Tesla aims to make its benefits as 'sexy' as its cars

All of automaker Tesla's cars run 100% gas-free, and all of its employees get health care, life insurance and other benefits 100% cost-free.

Tesla benefits manager Nate Randall, speaking recently at EBN's 25th annual Benefits Forum & Expo, told attendees they would be "incredibly envious" of his position.

He likely was right.

Founded in 2003 and based in Silicon Valley, "Tesla makes kick-ass, sexy electric cars," Randall said. As if that weren't ambitious enough: "Our company vision, basically, is to change the world," he added.

That ambition is perhaps most evident in the firm's workforce, which nearly doubles every year. Currently its 2,500-plus workers are 95% U.S.-based and 85% male with an average age of 36.

When Randall came onboard with Tesla, company brass gave him the directive to "create the benefits of the future. Create it for our company. Make it unique. Make it awesome."

Make it awesome, but still make it affordable - an impossible task?

"We're not Google," Randall said. "I can't just throw everything at employees. ... it's not like I have a whole ton of money." Still, what Randall and Tesla do offer speaks for itself.

"Every single employee who starts at Tesla gets health care and a full suite of benefits for no cost," Randall said. "They get dental, vision, life insurance, all that stuff." He also mentioned small but still meaningful benefits, such as bereavement concierge services, that, for their price, go a long way with employees.

Asked how Tesla is able to make such offerings, Randall said that, as with cars, forward thinking leads to cost-savings.

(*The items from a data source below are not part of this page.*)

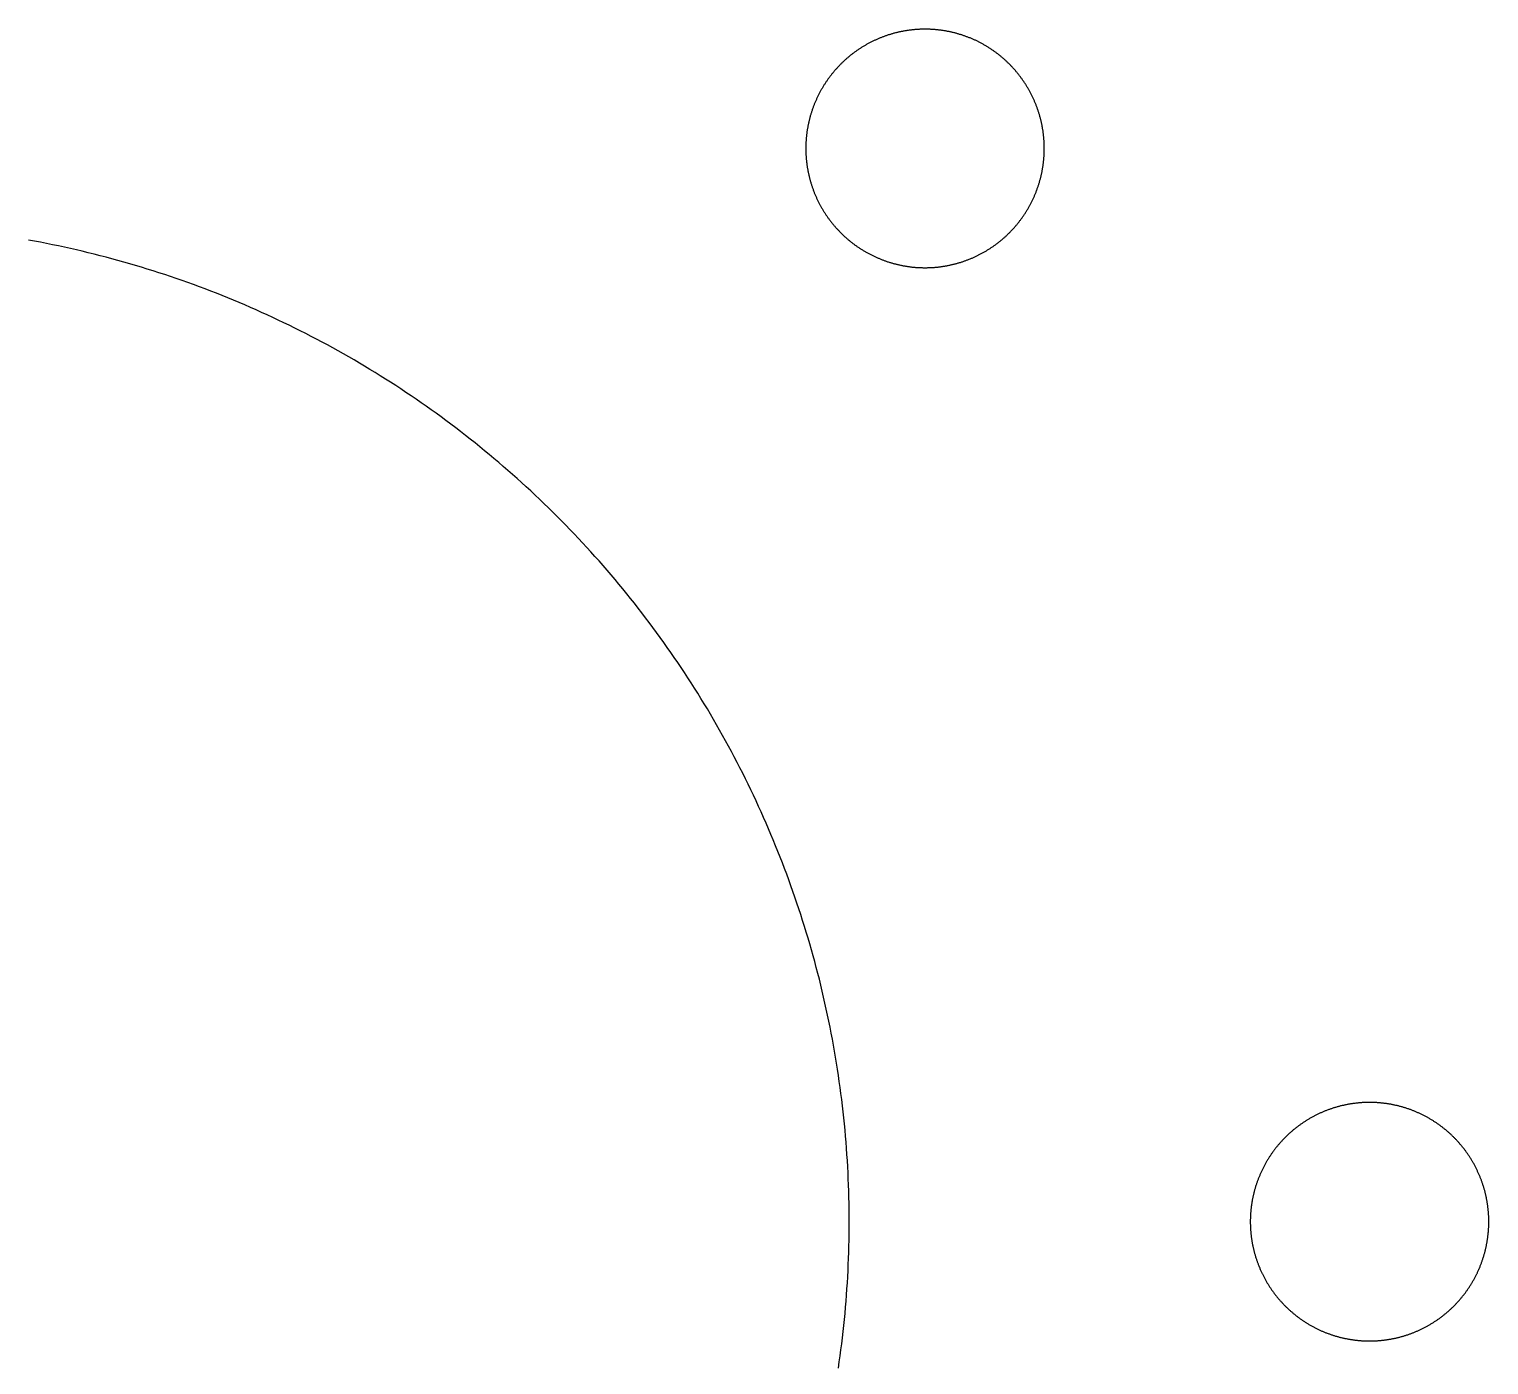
# Model space of a CAD drawing. Header units: millimetres. Extents: x -67 to 67, y -67 to 80.
# Drawn here: x 4.09 to 37.75, y -3.3 to 27.5 of the extents above; entities that cross this region are included whole.
import ezdxf

# ---------------------------------------------------------------- set-up
doc = ezdxf.new("R2010")
doc.units = ezdxf.units.MM
doc.layers.add('CUT', color=7, linetype='Continuous')

msp = doc.modelspace()

# ---------------------------------------------------------------- linework, layer by layer
at = {"layer": 'CUT'}
for points in [[(27.496, 24.867), (27.495, 24.884), (27.495, 24.901), (27.494, 24.917), (27.492, 24.934), (27.491, 24.951), (27.49, 24.968), (27.489, 24.985), (27.487, 25.001), (27.485, 25.018), (27.484, 25.035), (27.482, 25.052), (27.48, 25.069), (27.478, 25.085), (27.476, 25.102), (27.474, 25.119), (27.471, 25.136), (27.469, 25.152), (27.466, 25.169), (27.464, 25.186), (27.461, 25.202), (27.458, 25.219), (27.455, 25.235), (27.452, 25.252), (27.449, 25.269), (27.446, 25.285), (27.443, 25.302), (27.439, 25.318), (27.436, 25.335), (27.432, 25.351), (27.428, 25.368), (27.424, 25.384), (27.42, 25.401), (27.416, 25.417), (27.412, 25.433), (27.408, 25.45), (27.404, 25.466), (27.399, 25.482), (27.395, 25.498), (27.39, 25.515), (27.385, 25.531), (27.38, 25.547), (27.375, 25.563), (27.37, 25.579), (27.365, 25.595), (27.36, 25.611), (27.355, 25.627), (27.349, 25.643), (27.344, 25.659), (27.338, 25.675), (27.332, 25.691), (27.326, 25.707), (27.32, 25.723), (27.314, 25.738), (27.308, 25.754), (27.302, 25.77), (27.296, 25.786), (27.289, 25.801), (27.283, 25.817), (27.276, 25.832), (27.27, 25.848), (27.263, 25.863), (27.256, 25.879), (27.249, 25.894), (27.242, 25.909), (27.235, 25.925), (27.227, 25.94), (27.22, 25.955), (27.213, 25.97), (27.205, 25.985), (27.197, 26), (27.19, 26.015), (27.182, 26.03), (27.174, 26.045), (27.166, 26.06), (27.158, 26.075), (27.15, 26.09), (27.141, 26.104), (27.133, 26.119), (27.125, 26.133), (27.116, 26.148), (27.107, 26.163), (27.099, 26.177), (27.09, 26.191), (27.081, 26.206), (27.072, 26.22), (27.063, 26.234), (27.054, 26.248), (27.045, 26.262), (27.035, 26.277), (27.026, 26.291), (27.016, 26.304), (27.007, 26.318), (26.997, 26.332), (26.987, 26.346), (26.977, 26.36), (26.968, 26.373), (26.958, 26.387), (26.947, 26.4), (26.937, 26.414), (26.927, 26.427), (26.917, 26.441), (26.906, 26.454), (26.896, 26.467), (26.885, 26.48), (26.875, 26.493), (26.864, 26.506), (26.853, 26.519), (26.842, 26.532), (26.831, 26.545), (26.82, 26.558), (26.809, 26.57), (26.798, 26.583), (26.786, 26.596), (26.775, 26.608), (26.764, 26.62), (26.752, 26.633), (26.74, 26.645), (26.729, 26.657), (26.717, 26.669), (26.705, 26.681), (26.693, 26.693), (26.681, 26.705), (26.669, 26.717), (26.657, 26.729), (26.645, 26.74), (26.633, 26.752), (26.62, 26.764), (26.608, 26.775), (26.596, 26.786), (26.583, 26.798), (26.57, 26.809), (26.558, 26.82), (26.545, 26.831), (26.532, 26.842), (26.519, 26.853), (26.506, 26.864), (26.493, 26.875), (26.48, 26.885), (26.467, 26.896), (26.454, 26.906), (26.441, 26.917), (26.427, 26.927), (26.414, 26.937), (26.4, 26.947), (26.387, 26.958), (26.373, 26.968), (26.36, 26.977), (26.346, 26.987), (26.332, 26.997), (26.318, 27.007), (26.304, 27.016), (26.291, 27.026), (26.277, 27.035), (26.262, 27.045), (26.248, 27.054), (26.234, 27.063), (26.22, 27.072), (26.206, 27.081), (26.191, 27.09), (26.177, 27.099), (26.163, 27.107), (26.148, 27.116), (26.133, 27.125), (26.119, 27.133), (26.104, 27.141), (26.09, 27.15), (26.075, 27.158), (26.06, 27.166), (26.045, 27.174), (26.03, 27.182), (26.015, 27.19), (26, 27.197), (25.985, 27.205), (25.97, 27.213), (25.955, 27.22), (25.94, 27.227), (25.925, 27.235), (25.909, 27.242), (25.894, 27.249), (25.879, 27.256), (25.863, 27.263), (25.848, 27.27), (25.832, 27.276), (25.817, 27.283), (25.801, 27.289), (25.786, 27.296), (25.77, 27.302), (25.754, 27.308), (25.738, 27.314), (25.723, 27.32), (25.707, 27.326), (25.691, 27.332), (25.675, 27.338), (25.659, 27.344), (25.643, 27.349), (25.627, 27.355), (25.611, 27.36), (25.595, 27.365), (25.579, 27.37), (25.563, 27.375), (25.547, 27.38), (25.531, 27.385), (25.515, 27.39), (25.498, 27.395), (25.482, 27.399), (25.466, 27.404), (25.45, 27.408), (25.433, 27.412), (25.417, 27.416), (25.401, 27.42), (25.384, 27.424), (25.368, 27.428), (25.351, 27.432), (25.335, 27.436), (25.318, 27.439), (25.302, 27.443), (25.285, 27.446), (25.269, 27.449), (25.252, 27.452), (25.235, 27.455), (25.219, 27.458), (25.202, 27.461), (25.186, 27.464), (25.169, 27.466), (25.152, 27.469), (25.136, 27.471), (25.119, 27.474), (25.102, 27.476), (25.085, 27.478), (25.069, 27.48), (25.052, 27.482), (25.035, 27.484), (25.018, 27.485), (25.001, 27.487), (24.985, 27.489), (24.968, 27.49), (24.951, 27.491), (24.934, 27.492), (24.917, 27.494), (24.901, 27.495), (24.884, 27.495), (24.867, 27.496), (24.85, 27.497), (24.833, 27.497), (24.816, 27.498), (24.799, 27.498), (24.782, 27.499), (24.766, 27.499), (24.749, 27.499), (24.732, 27.499), (24.715, 27.499), (24.698, 27.498), (24.681, 27.498), (24.664, 27.497), (24.648, 27.497), (24.631, 27.496), (24.614, 27.495), (24.597, 27.495), (24.58, 27.494), (24.563, 27.492), (24.546, 27.491), (24.53, 27.49), (24.513, 27.489), (24.496, 27.487), (24.479, 27.485), (24.462, 27.484), (24.446, 27.482), (24.429, 27.48), (24.412, 27.478), (24.395, 27.476), (24.379, 27.474), (24.362, 27.471), (24.345, 27.469), (24.329, 27.466), (24.312, 27.464), (24.295, 27.461), (24.279, 27.458), (24.262, 27.455), (24.245, 27.452), (24.229, 27.449), (24.212, 27.446), (24.196, 27.443), (24.179, 27.439), (24.163, 27.436), (24.146, 27.432), (24.13, 27.428), (24.113, 27.424), (24.097, 27.42), (24.081, 27.416), (24.064, 27.412), (24.048, 27.408), (24.032, 27.404), (24.015, 27.399), (23.999, 27.395), (23.983, 27.39), (23.967, 27.385), (23.95, 27.38), (23.934, 27.375), (23.918, 27.37), (23.902, 27.365), (23.886, 27.36), (23.87, 27.355), (23.854, 27.349), (23.838, 27.344), (23.822, 27.338), (23.806, 27.332), (23.791, 27.326), (23.775, 27.32), (23.759, 27.314), (23.743, 27.308), (23.728, 27.302), (23.712, 27.296), (23.696, 27.289), (23.681, 27.283), (23.665, 27.276), (23.65, 27.27), (23.634, 27.263), (23.619, 27.256), (23.604, 27.249), (23.588, 27.242), (23.573, 27.235), (23.558, 27.227), (23.543, 27.22), (23.527, 27.213), (23.512, 27.205), (23.497, 27.197), (23.482, 27.19), (23.467, 27.182), (23.452, 27.174), (23.438, 27.166), (23.423, 27.158), (23.408, 27.15), (23.393, 27.141), (23.379, 27.133), (23.364, 27.125), (23.349, 27.116), (23.335, 27.107), (23.321, 27.099), (23.306, 27.09), (23.292, 27.081), (23.277, 27.072), (23.263, 27.063), (23.249, 27.054), (23.235, 27.045), (23.221, 27.035), (23.207, 27.026), (23.193, 27.016), (23.179, 27.007), (23.165, 26.997), (23.151, 26.987), (23.138, 26.977), (23.124, 26.968), (23.111, 26.958), (23.097, 26.947), (23.084, 26.937), (23.07, 26.927), (23.057, 26.917), (23.044, 26.906), (23.03, 26.896), (23.017, 26.885), (23.004, 26.875), (22.991, 26.864), (22.978, 26.853), (22.965, 26.842), (22.953, 26.831), (22.94, 26.82), (22.927, 26.809), (22.914, 26.798), (22.902, 26.786), (22.889, 26.775), (22.877, 26.764), (22.865, 26.752), (22.853, 26.74), (22.84, 26.729), (22.828, 26.717), (22.816, 26.705), (22.804, 26.693), (22.792, 26.681), (22.78, 26.669), (22.769, 26.657), (22.757, 26.645), (22.745, 26.633), (22.734, 26.62), (22.722, 26.608), (22.711, 26.596), (22.7, 26.583), (22.689, 26.57), (22.677, 26.558), (22.666, 26.545), (22.655, 26.532), (22.645, 26.519), (22.634, 26.506), (22.623, 26.493), (22.612, 26.48), (22.602, 26.467), (22.591, 26.454), (22.581, 26.441), (22.57, 26.427), (22.56, 26.414), (22.55, 26.4), (22.54, 26.387), (22.53, 26.373), (22.52, 26.36), (22.51, 26.346), (22.5, 26.332), (22.491, 26.318), (22.481, 26.304), (22.472, 26.291), (22.462, 26.277), (22.453, 26.262), (22.444, 26.248), (22.434, 26.234), (22.425, 26.22), (22.416, 26.206), (22.408, 26.191), (22.399, 26.177), (22.39, 26.163), (22.381, 26.148), (22.373, 26.133), (22.364, 26.119), (22.356, 26.104), (22.348, 26.09), (22.34, 26.075), (22.331, 26.06), (22.323, 26.045), (22.316, 26.03), (22.308, 26.015), (22.3, 26), (22.292, 25.985), (22.285, 25.97), (22.277, 25.955), (22.27, 25.94), (22.263, 25.925), (22.256, 25.909), (22.249, 25.894), (22.242, 25.879), (22.235, 25.863), (22.228, 25.848), (22.221, 25.832), (22.215, 25.817), (22.208, 25.801), (22.202, 25.786), (22.195, 25.77), (22.189, 25.754), (22.183, 25.738), (22.177, 25.723), (22.171, 25.707), (22.165, 25.691), (22.159, 25.675), (22.154, 25.659), (22.148, 25.643), (22.143, 25.627), (22.138, 25.611), (22.132, 25.595), (22.127, 25.579), (22.122, 25.563), (22.117, 25.547), (22.112, 25.531), (22.108, 25.515), (22.103, 25.498), (22.098, 25.482), (22.094, 25.466), (22.09, 25.45), (22.085, 25.433), (22.081, 25.417), (22.077, 25.401), (22.073, 25.384), (22.069, 25.368), (22.066, 25.351), (22.062, 25.335), (22.058, 25.318), (22.055, 25.302), (22.052, 25.285), (22.048, 25.269), (22.045, 25.252), (22.042, 25.235), (22.039, 25.219), (22.036, 25.202), (22.034, 25.186), (22.031, 25.169), (22.029, 25.152), (22.026, 25.136), (22.024, 25.119), (22.022, 25.102), (22.019, 25.085), (22.017, 25.069), (22.015, 25.052), (22.014, 25.035), (22.012, 25.018), (22.01, 25.001), (22.009, 24.985), (22.007, 24.968), (22.006, 24.951), (22.005, 24.934), (22.004, 24.917), (22.003, 24.901), (22.002, 24.884), (22.001, 24.867), (22.001, 24.85), (22, 24.833), (22, 24.816), (21.999, 24.799), (21.999, 24.782), (21.999, 24.766), (21.999, 24.749), (21.999, 24.732), (21.999, 24.715), (21.999, 24.698), (22, 24.681), (22, 24.664), (22.001, 24.648), (22.001, 24.631), (22.002, 24.614), (22.003, 24.597), (22.004, 24.58), (22.005, 24.563), (22.006, 24.546), (22.007, 24.53), (22.009, 24.513), (22.01, 24.496), (22.012, 24.479), (22.014, 24.462), (22.015, 24.446), (22.017, 24.429), (22.019, 24.412), (22.022, 24.395), (22.024, 24.379), (22.026, 24.362), (22.029, 24.345), (22.031, 24.329), (22.034, 24.312), (22.036, 24.295), (22.039, 24.279), (22.042, 24.262), (22.045, 24.245), (22.048, 24.229), (22.052, 24.212), (22.055, 24.196), (22.058, 24.179), (22.062, 24.163), (22.066, 24.146), (22.069, 24.13), (22.073, 24.113), (22.077, 24.097), (22.081, 24.081), (22.085, 24.064), (22.09, 24.048), (22.094, 24.032), (22.098, 24.015), (22.103, 23.999), (22.108, 23.983), (22.112, 23.967), (22.117, 23.95), (22.122, 23.934), (22.127, 23.918), (22.132, 23.902), (22.138, 23.886), (22.143, 23.87), (22.148, 23.854), (22.154, 23.838), (22.159, 23.822), (22.165, 23.806), (22.171, 23.791), (22.177, 23.775), (22.183, 23.759), (22.189, 23.743), (22.195, 23.728), (22.202, 23.712), (22.208, 23.696), (22.215, 23.681), (22.221, 23.665), (22.228, 23.65), (22.235, 23.634), (22.242, 23.619), (22.249, 23.604), (22.256, 23.588), (22.263, 23.573), (22.27, 23.558), (22.277, 23.543), (22.285, 23.527), (22.292, 23.512), (22.3, 23.497), (22.308, 23.482), (22.316, 23.467), (22.323, 23.452), (22.331, 23.438), (22.34, 23.423), (22.348, 23.408), (22.356, 23.393), (22.364, 23.379), (22.373, 23.364), (22.381, 23.349), (22.39, 23.335), (22.399, 23.321), (22.408, 23.306), (22.416, 23.292), (22.425, 23.277), (22.434, 23.263), (22.444, 23.249), (22.453, 23.235), (22.462, 23.221), (22.472, 23.207), (22.481, 23.193), (22.491, 23.179), (22.5, 23.165), (22.51, 23.151), (22.52, 23.138), (22.53, 23.124), (22.54, 23.111), (22.55, 23.097), (22.56, 23.084), (22.57, 23.07), (22.581, 23.057), (22.591, 23.044), (22.602, 23.03), (22.612, 23.017), (22.623, 23.004), (22.634, 22.991), (22.645, 22.978), (22.655, 22.965), (22.666, 22.953), (22.677, 22.94), (22.689, 22.927), (22.7, 22.914), (22.711, 22.902), (22.722, 22.889), (22.734, 22.877), (22.745, 22.865), (22.757, 22.853), (22.769, 22.84), (22.78, 22.828), (22.792, 22.816), (22.804, 22.804), (22.816, 22.792), (22.828, 22.78), (22.84, 22.769), (22.853, 22.757), (22.865, 22.745), (22.877, 22.734), (22.889, 22.722), (22.902, 22.711), (22.914, 22.7), (22.927, 22.689), (22.94, 22.677), (22.953, 22.666), (22.965, 22.655), (22.978, 22.645), (22.991, 22.634), (23.004, 22.623), (23.017, 22.612), (23.03, 22.602), (23.044, 22.591), (23.057, 22.581), (23.07, 22.57), (23.084, 22.56), (23.097, 22.55), (23.111, 22.54), (23.124, 22.53), (23.138, 22.52), (23.151, 22.51), (23.165, 22.5), (23.179, 22.491), (23.193, 22.481), (23.207, 22.472), (23.221, 22.462), (23.235, 22.453), (23.249, 22.444), (23.263, 22.434), (23.277, 22.425), (23.292, 22.416), (23.306, 22.408), (23.321, 22.399), (23.335, 22.39), (23.349, 22.381), (23.364, 22.373), (23.379, 22.364), (23.393, 22.356), (23.408, 22.348), (23.423, 22.34), (23.438, 22.331), (23.452, 22.323), (23.467, 22.316), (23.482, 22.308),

"We believe that some of the factors we have in there like free preventive visits and free preventive prescriptions and birth control will, over time, help limit our costs, " he said in a later inveriew. "And these are things the industry told us; we didn't come up with this stuff."

He also recommended benefits managers target their specific danger zones. With a staff as young as Tesla's, for example, maternity costs are huge, and the company is planning on innovating how it controls those costs in 2013.

"In the grand scheme of things, [health care] doesn't cost us very much money," Randall said in Phoenix. "We're self-insured, so most of these people are not using the care anyway." He lamented that the numbers seem to indicate "our employees are too damn busy to go to the doctor."

When it comes to crafting health benefits, Randall said it takes more courage than cost savvy.

"There's a certain amount of bravery that I think people are lacking. They don't want to be the person in their organization to suggest changes that might or might not be controversial, or might cause problems. ... An engineer, if they have an idea that they totally believe in and they know is the right way to do it, they're going to fight for it, and they may not win, but they're going to show that they have value. And I think, unfortunately, a lot of benefits and HR people are not in a position where they're willing to do that, or maybe they're not enabled to as well."

Of course, only time will tell if the rapidly expanding automaker can offer the same benefits experience to 5,000 workers, or 50,000.

"If I come back here in two years and it doesn't work," Randall quipped, "somebody has to offer me a job."